Stored entries:

────

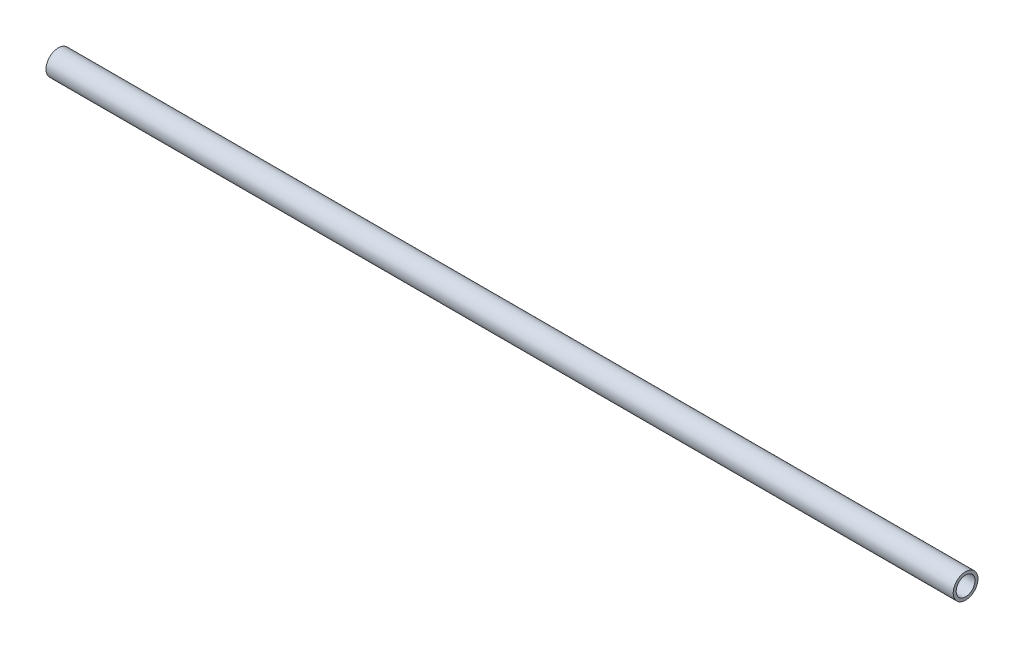
SolidWorks part; units mm, degrees
material "AISI 4130 Steel, annealed at 865C"
ref_plane "Front Plane" through (0, 0, 0) normal (0, 0, 1) x (1, 0, 0)
ref_plane "Top Plane" through (0, 0, 0) normal (0, 1, 0) x (1, 0, 0)
ref_plane "Right Plane" through (0, 0, 0) normal (1, 0, 0) x (0, 0, -1)
sketch "Sketch1" plane through (0, 0, 0) normal (1, 0, 0) x (0, 0, -1)
  circle A0 centre (0, 0) radius 12.7
  circle A1 centre (0, 0) radius 9.652
  dimension "D1" = 25.4
  dimension "D2" = 19.304
extrude "Boss-Extrude1" add sketch "Sketch1" along normal blind 930

────

▸ Directions for this task
Could you repeat every entry above exactly, with each picture omitted?

▸ Answer space
SolidWorks part; units mm, degrees
material "AISI 4130 Steel, annealed at 865C"
ref_plane "Front Plane" through (0, 0, 0) normal (0, 0, 1) x (1, 0, 0)
ref_plane "Top Plane" through (0, 0, 0) normal (0, 1, 0) x (1, 0, 0)
ref_plane "Right Plane" through (0, 0, 0) normal (1, 0, 0) x (0, 0, -1)
sketch "Sketch1" plane through (0, 0, 0) normal (1, 0, 0) x (0, 0, -1)
  circle A0 centre (0, 0) radius 12.7
  circle A1 centre (0, 0) radius 9.652
  dimension "D1" = 25.4
  dimension "D2" = 19.304
extrude "Boss-Extrude1" add sketch "Sketch1" along normal blind 930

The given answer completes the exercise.